The use of face-to-face interviews was particularly valuable in my first study as it allowed me to ask debrief questions designed to probe respondents and elicit qualitative information about the thinking behind their responses.

What factors influence people’s preferences for allocating health care resources at the end of life?

My research suggests that people’s preferences regarding the value of end of life treatments can depend on whether the treatment is life-extending or quality of life-improving. This is noteworthy because NICE’s end of life criteria accommodate life extensions but not quality of life improvements.

I also found that the amount of time that end of life patients have to ‘prepare for death’ was a consideration for a number of respondents.
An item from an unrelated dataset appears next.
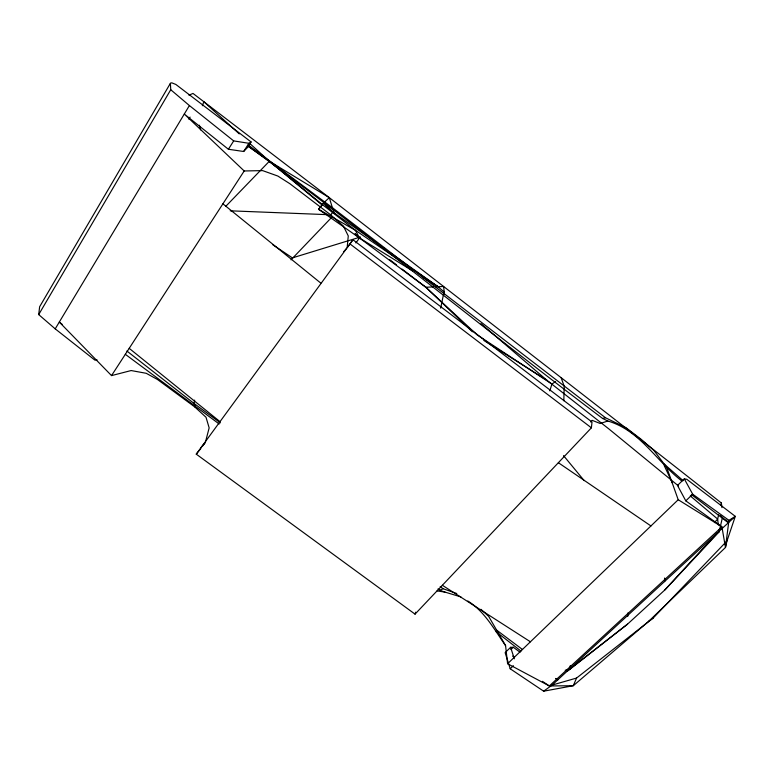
<?xml version="1.0" encoding="UTF-8"?>
<svg xmlns="http://www.w3.org/2000/svg" width="774" height="774" viewBox="0 0 774 774"><rect width="100%" height="100%" fill="white"/><g stroke="black" fill="none" stroke-linecap="round" stroke-linejoin="round"><path stroke-width="1.16" d="M627.782 616.346L627.878 613.008M570.264 665.65L569.896 669.239L567.178 671.184L627.55 624.125L664.866 589.943L719.075 531.902L722.355 517.961M591.394 427.819L592.013 422.024L352.954 239.756L196.257 454.144L415.038 614.14L591.394 427.819L349.596 243.626M97.089 359.9L94.844 360.084L55.215 328.863L38.7 314.592L39.638 306.746L170.396 83.311L171.722 82.808L175.843 84.443L251.095 141.961L247.593 147.408L243.646 151.491L228.398 149.256L184.289 114.049L244.197 170.977L262.618 170.609L277.837 176.046L289.795 183.651L330.662 214.843L343.385 226.066L348.271 235.925L347.158 247.719L352.954 239.756M543.648 691.192L552.104 685.077L735.3 516.355L726.989 540.939L725.48 547.47L721.91 526.833L685.793 500.846L677.502 485.443L684.293 478.854L686.77 479.28L735.3 516.355L728.944 520.351L725.48 547.47L648.419 621.551L573.292 685.725L543.648 691.192L510.201 668.775L505.132 652.637L510.627 647.306L513.307 647.248L520.06 652.221M194.651 400.11L194.09 403.506L195.445 406.534L194.729 406.901L157.461 379.483L146.247 373.3L131.135 370.553L111.524 375.603L59.298 322.061L62.143 324.296M440.696 308.158L443.299 295.358L444.392 293.249L443.608 286.486L329.308 197.66L193.007 93.441L188.933 95.173M718.707 514.468L717.643 519.044L718.291 524.888M720.846 505.316L721.378 503.023C629.272 430.209 536.343 358.536 443.608 286.486L435.81 286.796M205.71 441.132L209.154 427.877L206.019 417.254L194.729 406.901M549.821 390.851L551.91 384.059L555.597 381.534M415.038 614.14L415.696 612.137M202.353 105.738L203.823 101.713L239.253 133.892M726.989 540.939L653.266 617.971L576.533 678.072L573.292 685.725L549.317 685.957L507.599 663.734L505.577 645.622L488.655 616.346L480.925 609.302M38.7 314.592L170.744 89.736L170.396 83.311M55.215 328.863L189.398 105.545L170.744 89.736M188.837 119.177L190.094 117.116M228.398 149.256L233.69 140.907L248.899 143.296L251.095 141.961M243.646 151.491L248.899 143.296M111.524 375.603L244.197 170.977M291.034 259.832L331.543 217.494M202.778 445.872L205.429 442.235L200.93 447.74M355.885 242.92L360.142 237.105L292.398 257.887L272.496 244.536M590.765 422.072L592.11 420.321L600.189 423.494L607.861 421.027C640.243 430.489 656.604 461.565 681.894 481.041M196.257 454.144L200.785 448.601M330.662 214.843L334.204 210.557L332.356 207.655L329.308 197.66L269.362 161.244L247.864 146.073M334.794 213.663L323.745 202.778L318.588 209.319L359.436 237.937L360.142 237.105M343.743 251.656L346.471 248.502M714.421 522.614L717.643 519.044L690.292 495.931M664.866 589.943L716.918 533.276L719.075 531.902L718.814 529.561M225.931 206.174L269.362 161.244L277.953 167.803M510.956 649.531L513.307 647.248M507.599 663.734L678.208 499.733L666.704 467.409L653.875 450.429L641.269 439.38L626.118 427.799L605.403 417.699L332.356 207.655L248.251 145.028M510.201 668.775L513.394 665.717M685.793 500.846L692.711 494.218L684.293 478.854M329.308 197.66L322.071 204.346L269.362 161.244L249.876 143.548M627.55 624.125L569.896 669.239L565.214 670.255M648.419 621.551L653.266 617.971M437.978 588.956L439.748 590.262L443.086 588.724L456.757 593.532M552.104 685.077L576.533 678.072M248.299 146.18C368.666 233.932 483.663 328.805 602.598 418.463L605.403 417.699M355.053 233.971L359.436 237.937L425.845 287.251L433.595 286.902M230.207 210.818L326.792 214.63M460.888 596.889L444.953 592.091L437.01 590.891M439.748 590.262L444.953 592.091M602.598 418.463L607.861 421.027M355.189 233.748L359.436 237.937L412.513 270.861M422.72 277.198L438.026 286.699L444.431 292.204M678.208 499.733L721.91 526.833L549.317 685.957L542.419 681.323M483.827 340.444L546.908 380.247L608.944 428.999L678.44 485.908M442.351 585.279L530.422 641.791M551.91 384.059L477.113 334.89L425.845 287.251L402.045 269.081M400.187 260.857L355.382 230.265L322.071 204.346L383.981 248.309M408.15 266.295L438.026 286.699L389.873 252.498M558.364 462.707L650.934 525.952M692.711 494.218L728.944 520.351M512.63 656.1L514.555 657.513M467.796 600.992C484.814 611.537 494.363 629.717 505.577 645.622M220.358 422.836L194.09 403.506L126.868 351.009M219.187 423.997L125.291 354.289M440.183 586.586L443.086 588.724M496.115 631.71L521.028 651.128M496.473 629.978L522.576 649.579M279.859 169.264L281.765 170.715M283.681 172.176L285.587 173.637M389.661 259.638L396.327 264.718M691.366 494.528L728.363 522.74L726.312 520.08M189.398 105.545L233.69 140.907M129.2 348.339L219.961 421.607M222.902 203.823L320.823 283.129M269.362 161.244L322.023 204.946M481.031 323.648L546.908 380.247M664.121 463.984L683.113 480.673M720.323 515.523L728.363 522.74M425.845 287.251L472.392 331.823M328.157 207.983L323.745 202.778L318.588 209.319L355.382 230.265L359.436 237.937M563.52 455.605L584.196 480.644M664.16 465.464L672.432 483.063M561.121 377.731L564.188 386.216L563.83 400.758M510.627 647.306L514.313 658.819M199.382 125.204L200.611 129.877M721.378 503.023L721.929 507.609M664.585 578.043L664.673 581.613M557.725 679.901L555.79 678.479L557.725 679.901"/></g></svg>
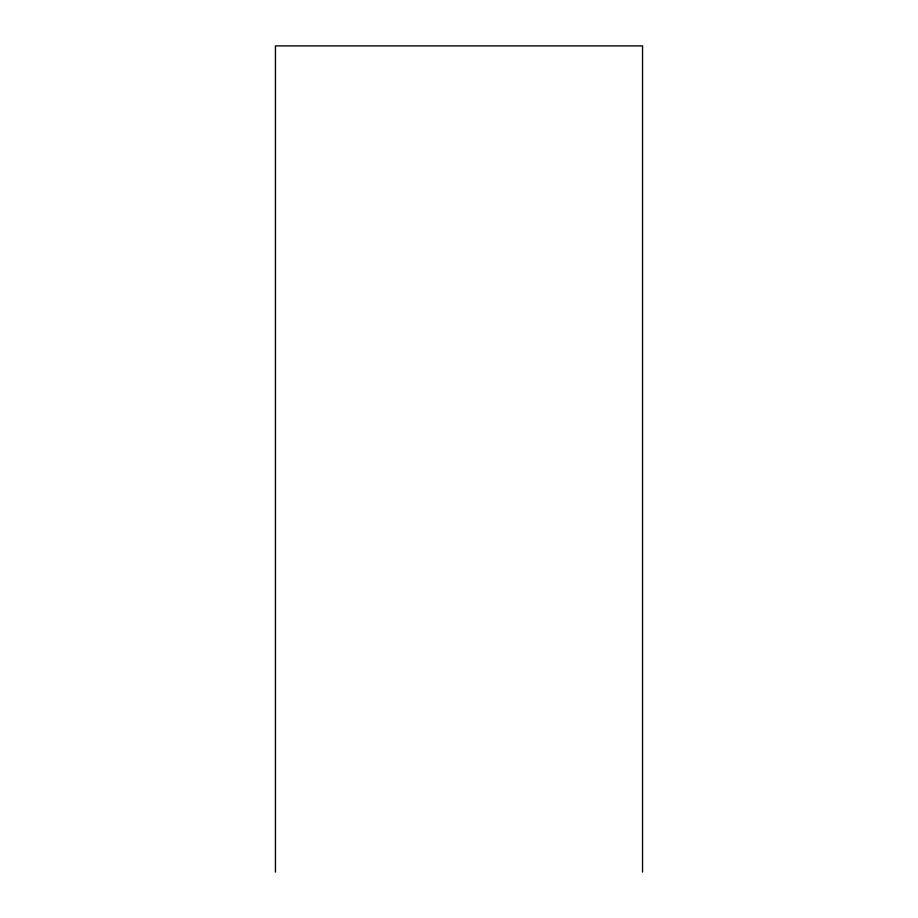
<?xml version="1.0" encoding="UTF-8"?>
<svg xmlns="http://www.w3.org/2000/svg" width="918" height="918" viewBox="0 0 918 918"><rect width="100%" height="100%" fill="white"/><g stroke="black" fill="none" stroke-linecap="round" stroke-linejoin="round"><path stroke-width="1.38" d="M642.554 872.1L642.554 45.9L275.446 45.9L275.446 872.1"/></g></svg>

Some of my results suggest that observed preferences for prioritising the treatment of end of life patients may be driven by concern about how long the patients have known their prognosis rather than by concern about how long they have left to live, per se.

The wider literature suggests that the age of the end of life patients (which may act as a proxy for their role in their household or in society) may also matter. Some studies have reported evidence that respondents become less concerned about the number of remaining life years when the patients in question are relatively old. This is consistent with the ‘fair innings’ argument proposed by Alan Williams.

Given the findings of your study, are there any circumstances under which you would support an end of life premium?

My findings offer limited support for an end of life premium (though it should be noted that the wider literature is more equivocal). So it might be considered appropriate for NICE to abandon its end of life policy on the grounds that the population health losses that arise due to the policy are not justified by the evidence on societal preferences. However, there may be arguments for retaining some form of end of life weighting irrespective of societal preferences. For example, if the standard QALY approach systematically underestimates the benefits of end of life treatments, it may be appropriate to correct for this (though whether this is actually the case would itself need investigating).

Many studies reporting that people wish to prioritise the treatment of the severely ill have described severity in terms of quality of life rather than life expectancy. And some of my results suggest that support for an end of life premium would be stronger if it applied to quality of life-improving treatments. This suggests that weighting QALYs in accordance with continuous variables capturing quality of life as well as life expectancy may be more consistent with public preferences than the current practice of applying binary cut-offs based only on life expectancy information, and would address some of the criticisms of the arbitrariness of NICE’s policy.